__Task brief__
In the entries that follow, the line with "#18054 = VECTOR ( 'NONE', #7044, 1000. ) ;" opens the range and the line with "#20245 = ORIENTED_EDGE" closes it; repeat that range exactly, both lines included.
=== Source data ===
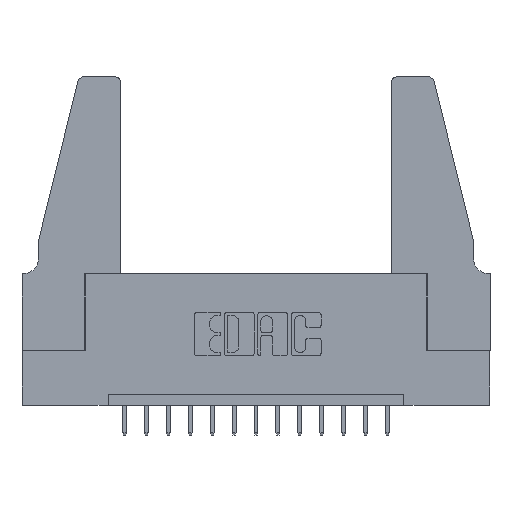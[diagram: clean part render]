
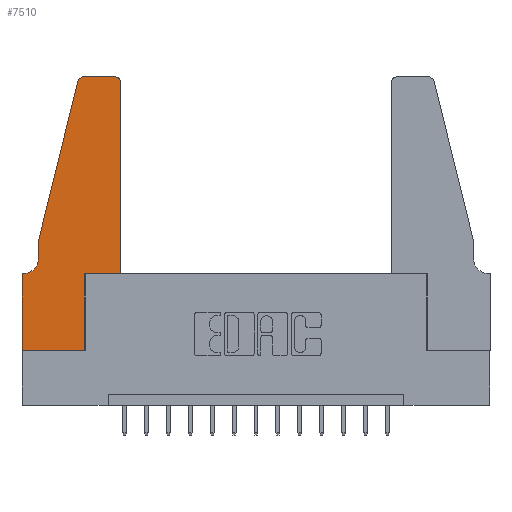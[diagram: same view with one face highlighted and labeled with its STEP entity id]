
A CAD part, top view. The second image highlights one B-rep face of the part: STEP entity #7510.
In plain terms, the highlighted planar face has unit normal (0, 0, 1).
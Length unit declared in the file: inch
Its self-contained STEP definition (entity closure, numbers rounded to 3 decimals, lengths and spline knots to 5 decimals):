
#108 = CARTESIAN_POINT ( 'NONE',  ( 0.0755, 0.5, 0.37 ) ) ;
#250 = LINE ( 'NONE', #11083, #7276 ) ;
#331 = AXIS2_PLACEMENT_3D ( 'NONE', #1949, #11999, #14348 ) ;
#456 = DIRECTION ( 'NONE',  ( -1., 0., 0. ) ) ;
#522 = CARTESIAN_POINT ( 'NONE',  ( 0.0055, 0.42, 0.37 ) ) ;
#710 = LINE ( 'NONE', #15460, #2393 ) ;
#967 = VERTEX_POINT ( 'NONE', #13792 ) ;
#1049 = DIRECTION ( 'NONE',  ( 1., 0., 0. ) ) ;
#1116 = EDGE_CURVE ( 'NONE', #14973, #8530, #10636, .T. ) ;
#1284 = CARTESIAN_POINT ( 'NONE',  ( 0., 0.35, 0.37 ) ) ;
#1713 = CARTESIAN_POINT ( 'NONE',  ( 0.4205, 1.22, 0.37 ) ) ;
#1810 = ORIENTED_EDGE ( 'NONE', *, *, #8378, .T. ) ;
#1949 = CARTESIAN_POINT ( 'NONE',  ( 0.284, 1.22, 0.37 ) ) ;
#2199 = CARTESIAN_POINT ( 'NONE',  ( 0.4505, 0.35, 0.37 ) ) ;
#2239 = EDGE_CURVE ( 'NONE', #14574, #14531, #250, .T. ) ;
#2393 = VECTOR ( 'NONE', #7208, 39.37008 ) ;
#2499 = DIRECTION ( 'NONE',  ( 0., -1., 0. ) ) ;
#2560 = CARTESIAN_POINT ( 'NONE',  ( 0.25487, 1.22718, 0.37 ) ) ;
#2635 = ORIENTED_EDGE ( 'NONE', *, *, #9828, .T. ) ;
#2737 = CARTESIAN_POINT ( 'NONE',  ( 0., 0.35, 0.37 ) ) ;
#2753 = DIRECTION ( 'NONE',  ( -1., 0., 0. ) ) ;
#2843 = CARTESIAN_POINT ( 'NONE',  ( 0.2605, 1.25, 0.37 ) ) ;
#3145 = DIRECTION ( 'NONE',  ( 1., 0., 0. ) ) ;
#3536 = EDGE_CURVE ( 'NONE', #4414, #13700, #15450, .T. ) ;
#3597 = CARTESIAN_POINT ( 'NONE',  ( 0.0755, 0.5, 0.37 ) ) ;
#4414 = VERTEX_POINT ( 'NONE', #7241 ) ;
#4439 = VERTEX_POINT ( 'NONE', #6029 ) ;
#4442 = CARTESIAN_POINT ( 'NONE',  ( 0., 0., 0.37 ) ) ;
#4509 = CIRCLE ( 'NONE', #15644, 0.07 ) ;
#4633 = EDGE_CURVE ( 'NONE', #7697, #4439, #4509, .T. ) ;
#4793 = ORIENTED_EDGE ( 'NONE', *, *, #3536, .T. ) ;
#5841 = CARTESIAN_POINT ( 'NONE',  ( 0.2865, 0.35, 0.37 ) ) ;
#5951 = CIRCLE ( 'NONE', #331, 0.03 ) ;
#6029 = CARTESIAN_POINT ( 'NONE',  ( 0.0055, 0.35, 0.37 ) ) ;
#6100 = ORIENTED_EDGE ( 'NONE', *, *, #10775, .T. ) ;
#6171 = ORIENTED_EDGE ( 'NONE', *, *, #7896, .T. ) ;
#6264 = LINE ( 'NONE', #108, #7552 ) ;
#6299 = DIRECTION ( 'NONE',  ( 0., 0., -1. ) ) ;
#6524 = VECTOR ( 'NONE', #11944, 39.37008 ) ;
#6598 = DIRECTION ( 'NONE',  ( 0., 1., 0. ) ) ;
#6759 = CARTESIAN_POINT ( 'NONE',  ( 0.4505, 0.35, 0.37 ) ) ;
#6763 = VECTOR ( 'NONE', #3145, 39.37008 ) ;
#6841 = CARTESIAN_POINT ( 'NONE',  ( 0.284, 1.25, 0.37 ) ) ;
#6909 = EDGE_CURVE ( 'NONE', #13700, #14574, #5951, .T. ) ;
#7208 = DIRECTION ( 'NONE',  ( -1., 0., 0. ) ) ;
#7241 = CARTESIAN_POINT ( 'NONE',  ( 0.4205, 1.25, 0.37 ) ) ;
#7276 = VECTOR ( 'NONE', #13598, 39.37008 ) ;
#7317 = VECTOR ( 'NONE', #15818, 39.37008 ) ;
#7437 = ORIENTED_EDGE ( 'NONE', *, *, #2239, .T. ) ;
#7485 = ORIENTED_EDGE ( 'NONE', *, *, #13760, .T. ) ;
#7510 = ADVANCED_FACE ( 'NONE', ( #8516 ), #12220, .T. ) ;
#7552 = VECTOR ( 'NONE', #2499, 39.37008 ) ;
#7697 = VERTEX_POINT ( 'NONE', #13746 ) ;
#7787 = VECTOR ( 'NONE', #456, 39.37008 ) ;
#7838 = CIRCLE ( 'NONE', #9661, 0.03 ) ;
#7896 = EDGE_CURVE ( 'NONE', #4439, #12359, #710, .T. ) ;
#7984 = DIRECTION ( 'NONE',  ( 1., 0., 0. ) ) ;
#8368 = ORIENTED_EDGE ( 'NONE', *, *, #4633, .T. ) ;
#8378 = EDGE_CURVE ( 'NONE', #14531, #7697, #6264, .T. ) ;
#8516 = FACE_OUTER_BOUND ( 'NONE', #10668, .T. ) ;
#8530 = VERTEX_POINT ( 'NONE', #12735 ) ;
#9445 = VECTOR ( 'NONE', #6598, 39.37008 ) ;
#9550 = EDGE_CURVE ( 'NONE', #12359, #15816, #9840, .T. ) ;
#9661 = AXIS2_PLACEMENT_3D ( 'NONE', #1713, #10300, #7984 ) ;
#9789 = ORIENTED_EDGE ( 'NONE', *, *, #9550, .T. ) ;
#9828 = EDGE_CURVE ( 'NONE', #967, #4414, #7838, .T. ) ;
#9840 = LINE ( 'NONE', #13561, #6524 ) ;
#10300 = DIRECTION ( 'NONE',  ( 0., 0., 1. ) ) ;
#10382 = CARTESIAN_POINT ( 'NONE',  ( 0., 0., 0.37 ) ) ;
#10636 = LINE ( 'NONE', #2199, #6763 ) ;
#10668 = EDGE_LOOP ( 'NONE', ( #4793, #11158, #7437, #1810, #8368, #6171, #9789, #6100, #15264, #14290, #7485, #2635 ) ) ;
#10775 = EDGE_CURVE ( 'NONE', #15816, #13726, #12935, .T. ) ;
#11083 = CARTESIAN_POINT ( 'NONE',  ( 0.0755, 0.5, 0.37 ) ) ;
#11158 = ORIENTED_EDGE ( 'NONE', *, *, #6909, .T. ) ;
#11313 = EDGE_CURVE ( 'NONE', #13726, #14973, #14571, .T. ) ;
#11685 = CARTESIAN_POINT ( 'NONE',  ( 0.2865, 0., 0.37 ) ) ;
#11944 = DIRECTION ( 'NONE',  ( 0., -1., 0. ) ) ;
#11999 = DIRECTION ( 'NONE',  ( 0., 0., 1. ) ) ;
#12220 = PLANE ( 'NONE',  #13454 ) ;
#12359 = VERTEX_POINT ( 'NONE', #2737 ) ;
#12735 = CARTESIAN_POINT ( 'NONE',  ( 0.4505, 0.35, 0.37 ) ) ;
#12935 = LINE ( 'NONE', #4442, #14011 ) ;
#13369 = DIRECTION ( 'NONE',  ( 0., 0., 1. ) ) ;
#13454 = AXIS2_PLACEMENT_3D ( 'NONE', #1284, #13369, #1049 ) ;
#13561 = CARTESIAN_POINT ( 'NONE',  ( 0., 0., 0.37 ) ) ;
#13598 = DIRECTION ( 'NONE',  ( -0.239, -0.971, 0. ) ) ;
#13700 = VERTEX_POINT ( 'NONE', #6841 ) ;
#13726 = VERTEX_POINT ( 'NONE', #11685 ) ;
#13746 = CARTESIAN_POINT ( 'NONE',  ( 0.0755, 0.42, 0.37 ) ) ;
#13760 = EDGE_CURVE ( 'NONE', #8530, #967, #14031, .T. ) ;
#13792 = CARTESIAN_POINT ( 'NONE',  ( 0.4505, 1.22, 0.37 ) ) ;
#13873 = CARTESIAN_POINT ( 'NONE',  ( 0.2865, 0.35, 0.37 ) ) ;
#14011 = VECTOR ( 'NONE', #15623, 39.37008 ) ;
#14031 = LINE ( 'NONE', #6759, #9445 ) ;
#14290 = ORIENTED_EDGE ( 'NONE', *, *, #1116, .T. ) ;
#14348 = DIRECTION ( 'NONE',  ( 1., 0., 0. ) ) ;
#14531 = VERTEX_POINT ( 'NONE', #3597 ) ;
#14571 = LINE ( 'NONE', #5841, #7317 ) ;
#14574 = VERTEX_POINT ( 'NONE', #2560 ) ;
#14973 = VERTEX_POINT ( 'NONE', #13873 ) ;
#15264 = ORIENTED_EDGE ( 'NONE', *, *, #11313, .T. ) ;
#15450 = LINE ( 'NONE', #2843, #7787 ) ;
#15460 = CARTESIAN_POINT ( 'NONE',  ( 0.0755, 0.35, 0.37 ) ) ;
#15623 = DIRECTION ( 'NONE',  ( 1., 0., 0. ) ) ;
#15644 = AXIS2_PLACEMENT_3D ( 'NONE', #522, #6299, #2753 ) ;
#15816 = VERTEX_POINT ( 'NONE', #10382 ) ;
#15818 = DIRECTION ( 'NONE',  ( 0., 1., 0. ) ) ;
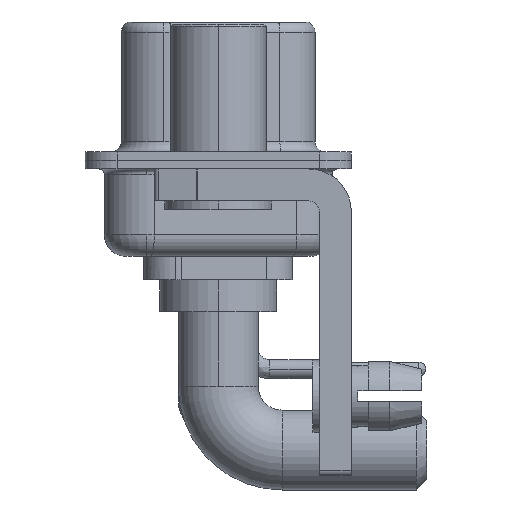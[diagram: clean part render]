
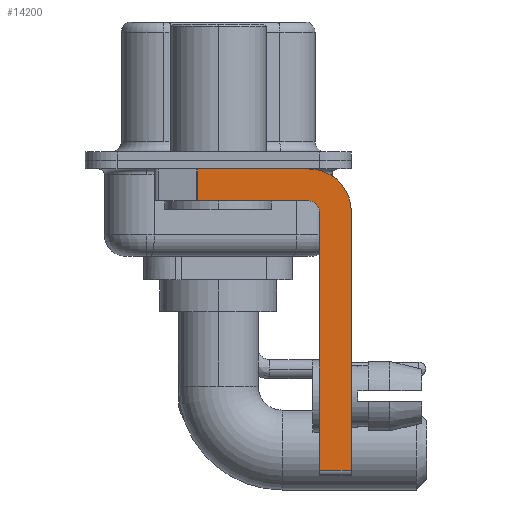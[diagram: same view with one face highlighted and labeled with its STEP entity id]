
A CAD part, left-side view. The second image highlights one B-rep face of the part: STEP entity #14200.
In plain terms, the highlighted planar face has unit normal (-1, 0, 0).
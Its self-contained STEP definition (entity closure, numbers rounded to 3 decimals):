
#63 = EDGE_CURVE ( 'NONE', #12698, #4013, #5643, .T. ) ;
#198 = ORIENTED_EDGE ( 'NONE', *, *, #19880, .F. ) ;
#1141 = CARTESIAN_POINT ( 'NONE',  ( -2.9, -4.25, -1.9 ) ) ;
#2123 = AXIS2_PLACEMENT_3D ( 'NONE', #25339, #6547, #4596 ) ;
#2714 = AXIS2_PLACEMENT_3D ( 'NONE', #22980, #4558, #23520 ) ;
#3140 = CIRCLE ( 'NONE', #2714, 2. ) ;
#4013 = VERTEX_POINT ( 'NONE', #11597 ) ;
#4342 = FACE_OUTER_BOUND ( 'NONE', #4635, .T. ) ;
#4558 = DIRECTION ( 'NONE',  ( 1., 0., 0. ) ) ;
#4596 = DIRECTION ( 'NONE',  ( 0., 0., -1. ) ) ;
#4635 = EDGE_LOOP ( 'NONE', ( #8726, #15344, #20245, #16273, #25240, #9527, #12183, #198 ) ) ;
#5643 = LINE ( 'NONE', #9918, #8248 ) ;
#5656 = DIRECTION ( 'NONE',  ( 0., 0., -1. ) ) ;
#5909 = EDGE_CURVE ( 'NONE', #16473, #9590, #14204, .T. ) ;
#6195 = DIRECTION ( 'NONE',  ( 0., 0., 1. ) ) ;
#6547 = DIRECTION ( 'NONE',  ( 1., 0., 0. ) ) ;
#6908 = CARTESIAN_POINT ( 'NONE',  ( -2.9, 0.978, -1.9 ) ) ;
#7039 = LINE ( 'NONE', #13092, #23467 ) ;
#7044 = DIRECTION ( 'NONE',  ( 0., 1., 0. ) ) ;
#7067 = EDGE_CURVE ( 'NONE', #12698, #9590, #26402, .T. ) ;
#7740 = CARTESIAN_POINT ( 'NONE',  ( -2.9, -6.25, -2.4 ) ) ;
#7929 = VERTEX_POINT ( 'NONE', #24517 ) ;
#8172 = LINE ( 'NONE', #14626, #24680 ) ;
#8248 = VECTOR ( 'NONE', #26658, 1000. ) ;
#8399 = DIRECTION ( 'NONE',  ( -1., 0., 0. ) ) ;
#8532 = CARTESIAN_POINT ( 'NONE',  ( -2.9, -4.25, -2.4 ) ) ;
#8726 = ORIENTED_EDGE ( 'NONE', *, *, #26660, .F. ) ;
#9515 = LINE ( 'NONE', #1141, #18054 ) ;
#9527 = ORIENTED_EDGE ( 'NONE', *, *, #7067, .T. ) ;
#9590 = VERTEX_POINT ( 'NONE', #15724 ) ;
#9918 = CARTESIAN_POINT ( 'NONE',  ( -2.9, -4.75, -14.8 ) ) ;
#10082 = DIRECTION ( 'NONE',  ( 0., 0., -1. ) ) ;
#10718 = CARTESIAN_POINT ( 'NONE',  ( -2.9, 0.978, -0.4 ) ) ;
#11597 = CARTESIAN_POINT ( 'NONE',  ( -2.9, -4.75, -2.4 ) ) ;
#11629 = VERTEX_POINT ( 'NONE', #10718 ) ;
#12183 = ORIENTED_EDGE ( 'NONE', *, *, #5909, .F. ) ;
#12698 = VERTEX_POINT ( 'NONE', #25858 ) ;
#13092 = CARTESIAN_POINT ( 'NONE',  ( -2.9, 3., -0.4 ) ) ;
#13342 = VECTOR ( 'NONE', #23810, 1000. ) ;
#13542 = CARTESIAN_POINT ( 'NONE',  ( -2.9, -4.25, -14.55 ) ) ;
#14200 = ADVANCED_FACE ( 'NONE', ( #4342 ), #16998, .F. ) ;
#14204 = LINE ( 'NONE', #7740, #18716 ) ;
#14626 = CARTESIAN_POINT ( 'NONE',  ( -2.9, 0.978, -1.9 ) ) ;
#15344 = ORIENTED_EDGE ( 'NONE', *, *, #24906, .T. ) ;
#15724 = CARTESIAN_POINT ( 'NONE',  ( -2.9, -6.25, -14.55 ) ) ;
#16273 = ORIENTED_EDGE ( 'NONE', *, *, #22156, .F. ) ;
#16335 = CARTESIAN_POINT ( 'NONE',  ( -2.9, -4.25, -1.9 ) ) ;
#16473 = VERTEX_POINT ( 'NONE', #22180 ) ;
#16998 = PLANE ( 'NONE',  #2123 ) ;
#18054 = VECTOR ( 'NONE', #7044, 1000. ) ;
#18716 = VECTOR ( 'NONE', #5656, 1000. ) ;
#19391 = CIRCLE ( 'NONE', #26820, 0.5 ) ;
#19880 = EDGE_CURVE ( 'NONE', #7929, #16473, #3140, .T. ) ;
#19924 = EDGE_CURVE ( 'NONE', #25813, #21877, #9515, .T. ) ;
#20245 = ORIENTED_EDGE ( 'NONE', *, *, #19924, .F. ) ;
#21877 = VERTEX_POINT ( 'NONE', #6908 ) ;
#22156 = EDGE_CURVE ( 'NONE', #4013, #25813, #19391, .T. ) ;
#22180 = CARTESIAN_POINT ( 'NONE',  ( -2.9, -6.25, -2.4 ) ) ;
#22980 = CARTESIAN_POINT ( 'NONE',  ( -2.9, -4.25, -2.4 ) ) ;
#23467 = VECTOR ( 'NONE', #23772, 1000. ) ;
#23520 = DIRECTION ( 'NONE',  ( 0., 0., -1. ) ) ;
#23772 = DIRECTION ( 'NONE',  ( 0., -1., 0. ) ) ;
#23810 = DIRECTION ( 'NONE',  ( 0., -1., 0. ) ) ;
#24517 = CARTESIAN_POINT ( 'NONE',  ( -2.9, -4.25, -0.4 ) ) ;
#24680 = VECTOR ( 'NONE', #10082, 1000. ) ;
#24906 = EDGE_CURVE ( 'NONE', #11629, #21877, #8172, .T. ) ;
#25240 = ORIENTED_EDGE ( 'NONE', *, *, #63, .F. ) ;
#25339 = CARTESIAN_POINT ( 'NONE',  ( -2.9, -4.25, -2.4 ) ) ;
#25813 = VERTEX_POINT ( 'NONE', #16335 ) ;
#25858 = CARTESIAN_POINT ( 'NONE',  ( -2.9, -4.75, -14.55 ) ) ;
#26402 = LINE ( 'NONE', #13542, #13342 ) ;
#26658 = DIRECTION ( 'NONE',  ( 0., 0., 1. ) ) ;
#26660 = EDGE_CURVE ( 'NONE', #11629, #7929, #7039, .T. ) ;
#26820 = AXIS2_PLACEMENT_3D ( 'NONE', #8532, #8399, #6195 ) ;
===
__Problem solution__
#18054 = VECTOR ( 'NONE', #7044, 1000. ) ;
#18716 = VECTOR ( 'NONE', #5656, 1000. ) ;
#19391 = CIRCLE ( 'NONE', #26820, 0.5 ) ;
#19880 = EDGE_CURVE ( 'NONE', #7929, #16473, #3140, .T. ) ;
#19924 = EDGE_CURVE ( 'NONE', #25813, #21877, #9515, .T. ) ;
#20245 = ORIENTED_EDGE ( 'NONE', *, *, #19924, .F. ) ;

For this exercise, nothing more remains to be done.